FFXIV Write 2022: Deiform
Cassian had wondered often, over the course of the months he'd been trapped within his own body, if something had finally snapped. If there had been damage done so deeply to his psyche that he could no longer recover from it.
He'd laughed in front of the others, made jokes - because of course he did. That's who he was. And it was who he wanted to continue to be for them. His family. These people who had taken him in when he'd not even had a pair of pants to his name, these friends who had protected him - saved him in ways he still could not comprehend. They had come for him and he knew, deeply in his being, that he was beloved.
Yet try as he might, the hatred he'd tucked down so deeply was boiling up again and the enormity of it terrified him. There was no safe place to lay this rage, to ease it down, to ignore it. It was destructive and corrosive and eventually it was going to tear its way out of him and his worst nightmares would become a terrible reality. Mithras, for all his useless commentary and snide remarks had suggested something useful - for once.
They had worked together to tear the hole, to widen it, to find the right place at the bottom of Witch Drop that had seen enough death, enough pain that the veil was already thin and they had punched through it as one, leaving behind the only world Cassian had ever known.
Here, Mithras had said, was a place for pain and rage and all the emotions Cassian was too afraid to expose under the sun. Because there was no sun here to offend.
No refuge.
No sanctuary.
He'd been warned that once they came here, they might not be able to come back - because they may not want to. Here, they were free to be as they were intended to be. The obsidian horns that curled up from his forehead were magnificent, crystalline in appearance, lightning thrumming deep within their cores like marrow. Others ringed his skull, protruding up through slate hair and extending sharp edges towards the dying sky. Claws tipped each finger, promising disembowelment with relative ease. The eyes that looked ahead were pools of ink, the silver irises ringed with a bursting star of hellish red.
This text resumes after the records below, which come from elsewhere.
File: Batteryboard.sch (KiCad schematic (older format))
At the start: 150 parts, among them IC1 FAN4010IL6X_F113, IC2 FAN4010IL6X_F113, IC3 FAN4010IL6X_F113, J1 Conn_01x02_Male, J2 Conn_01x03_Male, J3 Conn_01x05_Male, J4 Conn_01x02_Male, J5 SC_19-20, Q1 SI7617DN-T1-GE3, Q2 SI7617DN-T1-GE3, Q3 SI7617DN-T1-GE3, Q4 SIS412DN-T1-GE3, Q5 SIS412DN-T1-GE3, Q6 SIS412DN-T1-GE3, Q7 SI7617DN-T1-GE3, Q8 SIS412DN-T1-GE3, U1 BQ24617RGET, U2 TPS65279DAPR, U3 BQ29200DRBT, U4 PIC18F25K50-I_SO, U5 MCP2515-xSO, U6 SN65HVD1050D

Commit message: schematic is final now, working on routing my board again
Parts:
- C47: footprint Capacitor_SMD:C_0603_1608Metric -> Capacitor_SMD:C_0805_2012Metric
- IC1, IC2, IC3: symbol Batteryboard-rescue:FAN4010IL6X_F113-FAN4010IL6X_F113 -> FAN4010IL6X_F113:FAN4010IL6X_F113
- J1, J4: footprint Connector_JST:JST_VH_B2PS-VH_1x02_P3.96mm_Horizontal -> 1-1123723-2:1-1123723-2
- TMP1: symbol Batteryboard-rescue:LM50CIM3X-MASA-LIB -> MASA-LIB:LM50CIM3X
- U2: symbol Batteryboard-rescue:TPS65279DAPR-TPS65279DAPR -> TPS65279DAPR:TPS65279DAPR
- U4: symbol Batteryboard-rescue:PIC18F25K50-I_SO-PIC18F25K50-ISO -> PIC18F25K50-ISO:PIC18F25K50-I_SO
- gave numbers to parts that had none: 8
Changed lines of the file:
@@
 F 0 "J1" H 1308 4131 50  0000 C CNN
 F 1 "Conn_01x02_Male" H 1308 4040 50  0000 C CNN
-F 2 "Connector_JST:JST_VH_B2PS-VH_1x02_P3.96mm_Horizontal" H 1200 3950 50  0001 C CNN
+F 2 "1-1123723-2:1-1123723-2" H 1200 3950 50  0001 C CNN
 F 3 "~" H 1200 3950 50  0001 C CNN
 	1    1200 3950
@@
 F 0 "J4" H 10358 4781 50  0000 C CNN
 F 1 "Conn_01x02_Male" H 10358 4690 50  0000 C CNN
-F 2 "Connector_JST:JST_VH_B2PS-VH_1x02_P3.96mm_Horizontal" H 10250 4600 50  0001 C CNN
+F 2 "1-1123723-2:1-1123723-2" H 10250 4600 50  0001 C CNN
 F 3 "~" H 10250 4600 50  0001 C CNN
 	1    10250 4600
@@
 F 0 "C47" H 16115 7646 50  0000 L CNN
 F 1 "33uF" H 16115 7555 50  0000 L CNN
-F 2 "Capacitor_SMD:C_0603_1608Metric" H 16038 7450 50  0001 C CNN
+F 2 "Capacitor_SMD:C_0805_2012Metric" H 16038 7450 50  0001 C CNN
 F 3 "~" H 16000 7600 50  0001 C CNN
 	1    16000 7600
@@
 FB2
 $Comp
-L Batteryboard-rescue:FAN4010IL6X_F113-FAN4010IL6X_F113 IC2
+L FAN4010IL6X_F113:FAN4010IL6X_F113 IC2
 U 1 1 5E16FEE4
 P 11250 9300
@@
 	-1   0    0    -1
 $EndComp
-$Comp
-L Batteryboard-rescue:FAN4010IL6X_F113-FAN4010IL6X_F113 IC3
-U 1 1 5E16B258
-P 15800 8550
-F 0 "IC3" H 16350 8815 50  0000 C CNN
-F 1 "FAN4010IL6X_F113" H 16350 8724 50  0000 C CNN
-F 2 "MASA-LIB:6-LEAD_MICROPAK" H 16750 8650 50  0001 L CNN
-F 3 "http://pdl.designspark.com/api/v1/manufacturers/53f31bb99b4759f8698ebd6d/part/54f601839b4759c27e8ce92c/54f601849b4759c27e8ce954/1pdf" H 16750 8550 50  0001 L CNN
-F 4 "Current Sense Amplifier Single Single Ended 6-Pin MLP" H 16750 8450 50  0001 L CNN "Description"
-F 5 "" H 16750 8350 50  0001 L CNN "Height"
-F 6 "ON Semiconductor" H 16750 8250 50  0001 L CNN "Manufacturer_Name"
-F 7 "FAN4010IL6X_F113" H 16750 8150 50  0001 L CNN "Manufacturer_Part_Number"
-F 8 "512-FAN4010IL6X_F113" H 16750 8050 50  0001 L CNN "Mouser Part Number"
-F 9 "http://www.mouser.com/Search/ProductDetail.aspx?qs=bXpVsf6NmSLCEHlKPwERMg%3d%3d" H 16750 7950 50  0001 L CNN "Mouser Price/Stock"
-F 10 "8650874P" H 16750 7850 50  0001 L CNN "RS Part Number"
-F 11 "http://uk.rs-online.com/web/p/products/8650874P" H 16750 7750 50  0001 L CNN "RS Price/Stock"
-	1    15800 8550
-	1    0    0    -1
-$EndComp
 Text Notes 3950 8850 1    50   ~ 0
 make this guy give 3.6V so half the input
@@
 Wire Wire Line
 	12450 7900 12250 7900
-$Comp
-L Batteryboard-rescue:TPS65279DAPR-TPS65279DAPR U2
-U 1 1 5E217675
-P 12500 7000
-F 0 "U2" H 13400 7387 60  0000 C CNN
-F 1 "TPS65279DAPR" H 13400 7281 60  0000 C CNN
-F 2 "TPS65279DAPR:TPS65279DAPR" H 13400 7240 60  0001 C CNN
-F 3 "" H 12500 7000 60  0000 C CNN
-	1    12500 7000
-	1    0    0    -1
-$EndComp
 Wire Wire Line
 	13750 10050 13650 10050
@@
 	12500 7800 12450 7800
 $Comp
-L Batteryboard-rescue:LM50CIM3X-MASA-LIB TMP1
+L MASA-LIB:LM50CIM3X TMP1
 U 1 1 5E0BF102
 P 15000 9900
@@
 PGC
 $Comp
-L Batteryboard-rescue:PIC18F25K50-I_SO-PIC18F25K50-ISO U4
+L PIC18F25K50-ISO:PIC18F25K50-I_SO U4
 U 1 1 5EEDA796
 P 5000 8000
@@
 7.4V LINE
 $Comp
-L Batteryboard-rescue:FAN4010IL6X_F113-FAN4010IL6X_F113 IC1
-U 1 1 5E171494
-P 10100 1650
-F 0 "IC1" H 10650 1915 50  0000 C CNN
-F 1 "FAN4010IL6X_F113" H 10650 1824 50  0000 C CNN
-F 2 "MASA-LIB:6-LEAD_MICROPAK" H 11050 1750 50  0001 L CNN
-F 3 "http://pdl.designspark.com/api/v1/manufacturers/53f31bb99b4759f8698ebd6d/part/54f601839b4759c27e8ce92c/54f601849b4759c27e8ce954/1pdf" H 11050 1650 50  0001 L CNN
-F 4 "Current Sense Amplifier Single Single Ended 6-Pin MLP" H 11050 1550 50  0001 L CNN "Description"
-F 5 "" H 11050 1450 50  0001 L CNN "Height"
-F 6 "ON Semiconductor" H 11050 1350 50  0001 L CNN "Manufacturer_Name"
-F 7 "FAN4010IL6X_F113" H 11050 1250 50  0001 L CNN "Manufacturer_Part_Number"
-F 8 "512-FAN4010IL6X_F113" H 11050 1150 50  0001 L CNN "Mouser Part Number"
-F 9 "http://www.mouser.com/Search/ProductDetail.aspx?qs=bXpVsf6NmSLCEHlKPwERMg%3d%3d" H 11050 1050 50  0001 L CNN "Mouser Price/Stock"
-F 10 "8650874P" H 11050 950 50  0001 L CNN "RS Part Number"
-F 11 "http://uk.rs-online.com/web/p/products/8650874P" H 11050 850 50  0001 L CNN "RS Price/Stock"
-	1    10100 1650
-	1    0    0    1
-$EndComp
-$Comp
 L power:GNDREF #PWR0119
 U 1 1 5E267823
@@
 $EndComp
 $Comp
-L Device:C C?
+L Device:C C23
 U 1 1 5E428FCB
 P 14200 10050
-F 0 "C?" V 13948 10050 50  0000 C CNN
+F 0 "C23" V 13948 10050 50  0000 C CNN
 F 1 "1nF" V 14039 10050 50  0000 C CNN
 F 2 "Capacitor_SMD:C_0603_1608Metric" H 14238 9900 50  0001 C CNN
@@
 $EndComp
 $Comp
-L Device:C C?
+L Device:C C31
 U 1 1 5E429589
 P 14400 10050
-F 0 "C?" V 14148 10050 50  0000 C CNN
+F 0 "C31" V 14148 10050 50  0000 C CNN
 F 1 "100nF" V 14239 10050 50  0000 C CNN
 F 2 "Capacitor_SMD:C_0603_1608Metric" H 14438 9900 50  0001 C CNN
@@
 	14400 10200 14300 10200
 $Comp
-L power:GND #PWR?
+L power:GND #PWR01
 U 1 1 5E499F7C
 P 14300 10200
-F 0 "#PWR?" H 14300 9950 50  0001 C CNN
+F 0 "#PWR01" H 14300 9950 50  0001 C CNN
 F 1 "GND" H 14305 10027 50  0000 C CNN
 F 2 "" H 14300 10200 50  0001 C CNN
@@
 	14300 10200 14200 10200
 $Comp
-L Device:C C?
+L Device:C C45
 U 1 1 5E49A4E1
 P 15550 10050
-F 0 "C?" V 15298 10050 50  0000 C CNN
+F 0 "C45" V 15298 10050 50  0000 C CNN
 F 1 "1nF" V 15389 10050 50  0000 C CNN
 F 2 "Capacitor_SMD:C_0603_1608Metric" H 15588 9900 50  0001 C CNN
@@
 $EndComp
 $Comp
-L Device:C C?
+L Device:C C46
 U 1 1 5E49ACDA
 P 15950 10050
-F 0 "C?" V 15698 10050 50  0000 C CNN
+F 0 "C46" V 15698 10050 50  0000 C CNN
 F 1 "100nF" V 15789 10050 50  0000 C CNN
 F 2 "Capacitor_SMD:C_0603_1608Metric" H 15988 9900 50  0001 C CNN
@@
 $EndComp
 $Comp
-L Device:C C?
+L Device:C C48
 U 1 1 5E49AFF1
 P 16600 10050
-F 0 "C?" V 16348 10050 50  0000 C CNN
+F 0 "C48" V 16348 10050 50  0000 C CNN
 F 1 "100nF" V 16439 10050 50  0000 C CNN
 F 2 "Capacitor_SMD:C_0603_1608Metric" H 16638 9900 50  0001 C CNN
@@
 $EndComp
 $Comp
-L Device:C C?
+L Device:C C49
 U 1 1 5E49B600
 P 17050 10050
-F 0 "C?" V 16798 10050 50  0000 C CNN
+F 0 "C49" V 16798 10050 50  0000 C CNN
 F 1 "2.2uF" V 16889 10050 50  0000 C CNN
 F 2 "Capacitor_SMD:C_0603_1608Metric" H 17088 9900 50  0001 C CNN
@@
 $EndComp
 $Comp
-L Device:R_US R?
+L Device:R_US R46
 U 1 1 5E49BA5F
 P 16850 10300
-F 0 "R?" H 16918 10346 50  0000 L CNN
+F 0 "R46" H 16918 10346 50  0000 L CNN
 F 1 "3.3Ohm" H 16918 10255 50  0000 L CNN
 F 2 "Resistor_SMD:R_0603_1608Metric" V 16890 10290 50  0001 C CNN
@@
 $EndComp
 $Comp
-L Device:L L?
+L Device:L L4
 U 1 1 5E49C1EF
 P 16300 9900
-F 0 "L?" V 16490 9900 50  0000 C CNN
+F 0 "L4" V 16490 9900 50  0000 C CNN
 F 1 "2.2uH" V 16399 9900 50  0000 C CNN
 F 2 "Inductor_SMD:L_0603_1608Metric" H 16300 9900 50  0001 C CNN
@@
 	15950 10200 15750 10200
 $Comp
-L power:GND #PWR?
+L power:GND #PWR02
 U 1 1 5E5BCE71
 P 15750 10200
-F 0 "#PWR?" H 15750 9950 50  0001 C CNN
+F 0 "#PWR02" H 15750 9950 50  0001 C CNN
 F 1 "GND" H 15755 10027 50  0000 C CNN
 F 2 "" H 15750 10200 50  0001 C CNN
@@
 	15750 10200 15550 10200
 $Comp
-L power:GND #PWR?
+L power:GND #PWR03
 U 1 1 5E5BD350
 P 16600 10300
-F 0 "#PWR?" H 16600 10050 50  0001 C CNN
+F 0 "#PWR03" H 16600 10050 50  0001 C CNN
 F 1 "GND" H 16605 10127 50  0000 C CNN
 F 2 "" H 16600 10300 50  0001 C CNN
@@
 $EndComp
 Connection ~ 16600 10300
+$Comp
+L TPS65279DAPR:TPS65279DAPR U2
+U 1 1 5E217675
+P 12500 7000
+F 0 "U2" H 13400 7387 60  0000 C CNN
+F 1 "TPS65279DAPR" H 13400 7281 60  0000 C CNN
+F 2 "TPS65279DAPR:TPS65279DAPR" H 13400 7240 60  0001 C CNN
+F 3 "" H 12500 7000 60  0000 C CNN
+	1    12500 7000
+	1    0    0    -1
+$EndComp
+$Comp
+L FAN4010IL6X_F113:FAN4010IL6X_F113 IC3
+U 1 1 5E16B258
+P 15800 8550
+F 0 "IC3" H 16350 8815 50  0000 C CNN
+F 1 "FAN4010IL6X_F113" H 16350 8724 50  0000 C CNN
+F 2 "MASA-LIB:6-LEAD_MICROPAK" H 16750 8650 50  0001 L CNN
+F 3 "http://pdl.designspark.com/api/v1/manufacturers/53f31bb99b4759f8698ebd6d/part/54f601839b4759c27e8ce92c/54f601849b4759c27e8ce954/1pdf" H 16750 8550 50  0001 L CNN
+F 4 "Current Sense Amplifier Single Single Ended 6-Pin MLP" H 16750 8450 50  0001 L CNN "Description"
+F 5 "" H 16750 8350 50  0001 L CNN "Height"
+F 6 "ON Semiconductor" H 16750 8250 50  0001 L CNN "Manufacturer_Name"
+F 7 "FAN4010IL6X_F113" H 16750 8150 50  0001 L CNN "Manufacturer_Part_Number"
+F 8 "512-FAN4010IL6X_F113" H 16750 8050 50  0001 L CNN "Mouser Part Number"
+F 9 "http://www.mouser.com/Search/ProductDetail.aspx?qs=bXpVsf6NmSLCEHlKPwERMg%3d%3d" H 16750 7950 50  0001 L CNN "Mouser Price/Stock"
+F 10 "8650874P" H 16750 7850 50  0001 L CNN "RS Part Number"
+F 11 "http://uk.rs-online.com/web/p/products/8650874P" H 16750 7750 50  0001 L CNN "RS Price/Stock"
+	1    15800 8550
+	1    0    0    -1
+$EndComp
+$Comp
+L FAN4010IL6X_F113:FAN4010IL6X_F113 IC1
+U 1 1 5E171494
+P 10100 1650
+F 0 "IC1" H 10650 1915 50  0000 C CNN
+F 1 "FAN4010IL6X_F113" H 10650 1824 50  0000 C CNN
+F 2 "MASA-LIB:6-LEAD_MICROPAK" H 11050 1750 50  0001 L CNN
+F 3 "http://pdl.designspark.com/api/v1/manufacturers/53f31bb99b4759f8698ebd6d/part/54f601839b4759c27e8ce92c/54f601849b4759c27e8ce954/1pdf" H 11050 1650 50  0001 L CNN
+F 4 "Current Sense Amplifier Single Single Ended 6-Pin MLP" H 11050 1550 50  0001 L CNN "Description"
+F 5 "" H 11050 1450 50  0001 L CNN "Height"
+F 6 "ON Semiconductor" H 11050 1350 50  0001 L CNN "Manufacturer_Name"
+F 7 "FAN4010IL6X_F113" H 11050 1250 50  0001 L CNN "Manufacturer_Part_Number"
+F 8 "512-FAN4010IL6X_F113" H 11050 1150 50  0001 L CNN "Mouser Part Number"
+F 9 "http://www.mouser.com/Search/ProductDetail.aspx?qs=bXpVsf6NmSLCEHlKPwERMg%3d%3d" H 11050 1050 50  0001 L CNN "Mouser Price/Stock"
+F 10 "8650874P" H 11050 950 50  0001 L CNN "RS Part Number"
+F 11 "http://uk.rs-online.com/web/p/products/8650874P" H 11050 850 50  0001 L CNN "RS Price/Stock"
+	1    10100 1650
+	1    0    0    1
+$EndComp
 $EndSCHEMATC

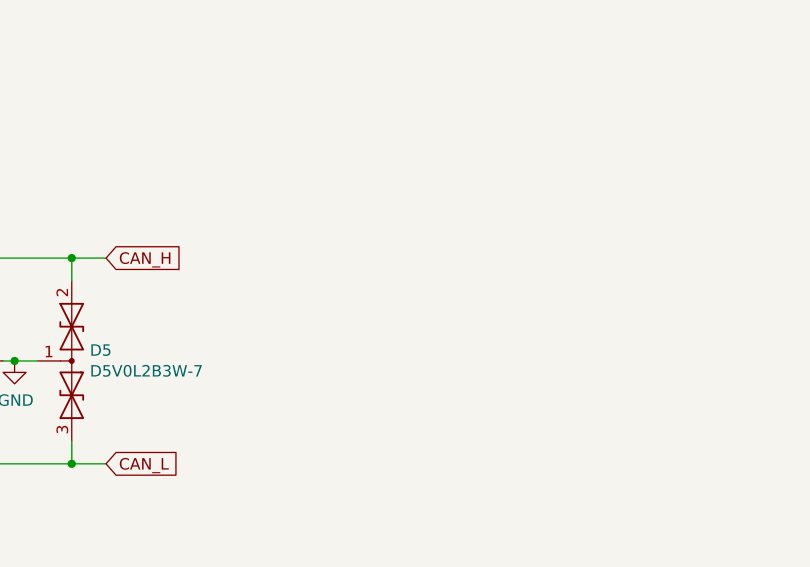
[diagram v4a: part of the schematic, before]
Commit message: added 4 pin for AOA sensor
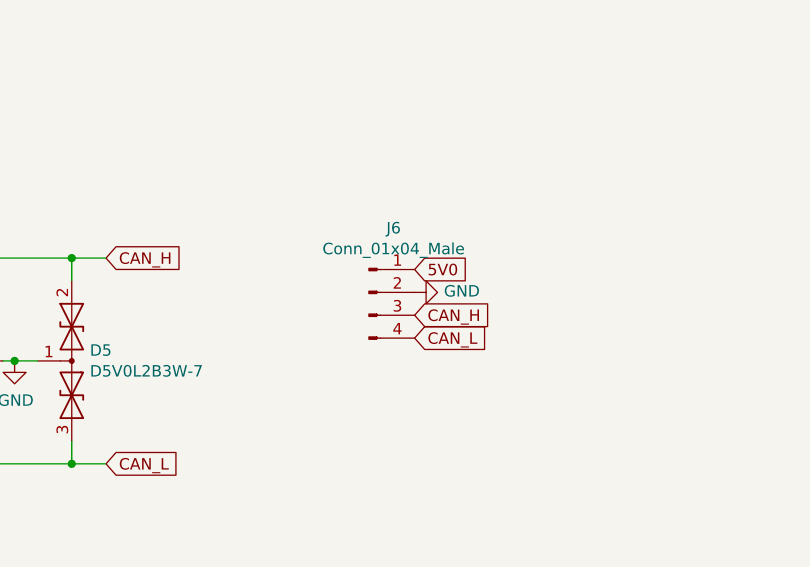
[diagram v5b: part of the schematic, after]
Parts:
- added J6: Conn_01x04_Male, 5013310407:1734595-4, symbol Connector:Conn_01x04_Male
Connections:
- net 5V0: now also J6.1 (Pin_1)
- net CAN_H: now also J6.3 (Pin_3)
- net CAN_L: now also J6.4 (Pin_4)
- net GND: now also J6.2 (Pin_2)
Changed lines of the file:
@@
 	1    0    0    1
 $EndComp
+$Comp
+L Connector:Conn_01x04_Male J6
+U 1 1 5E406AAF
+P 6850 11050
+F 0 "J6" H 6958 11331 50  0000 C CNN
+F 1 "Conn_01x04_Male" H 6958 11240 50  0000 C CNN
+F 2 "5013310407:1734595-4" H 6850 11050 50  0001 C CNN
+F 3 "~" H 6850 11050 50  0001 C CNN
+	1    6850 11050
+	1    0    0    -1
+$EndComp
+$Comp
+L power:GND #PWR0107
+U 1 1 5E531ADE
+P 7050 11050
+F 0 "#PWR0107" H 7050 10800 50  0001 C CNN
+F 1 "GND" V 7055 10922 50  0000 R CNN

The shroud of wings extended from his sides, flaring wide on either side of him, shadows rolling off the smooth membrane of stretched skin, dripping from the curved claw tips at the apex of his wings. The creatures who felt that shadow fall upon them turned, intentions clear in their bulging eyes as they beheld their newest meal.
And Cassian wondered again, distantly, if he'd gone mad as he consumed the broken things that had mistaken him for prey.
And he wondered if he would ever find his way out.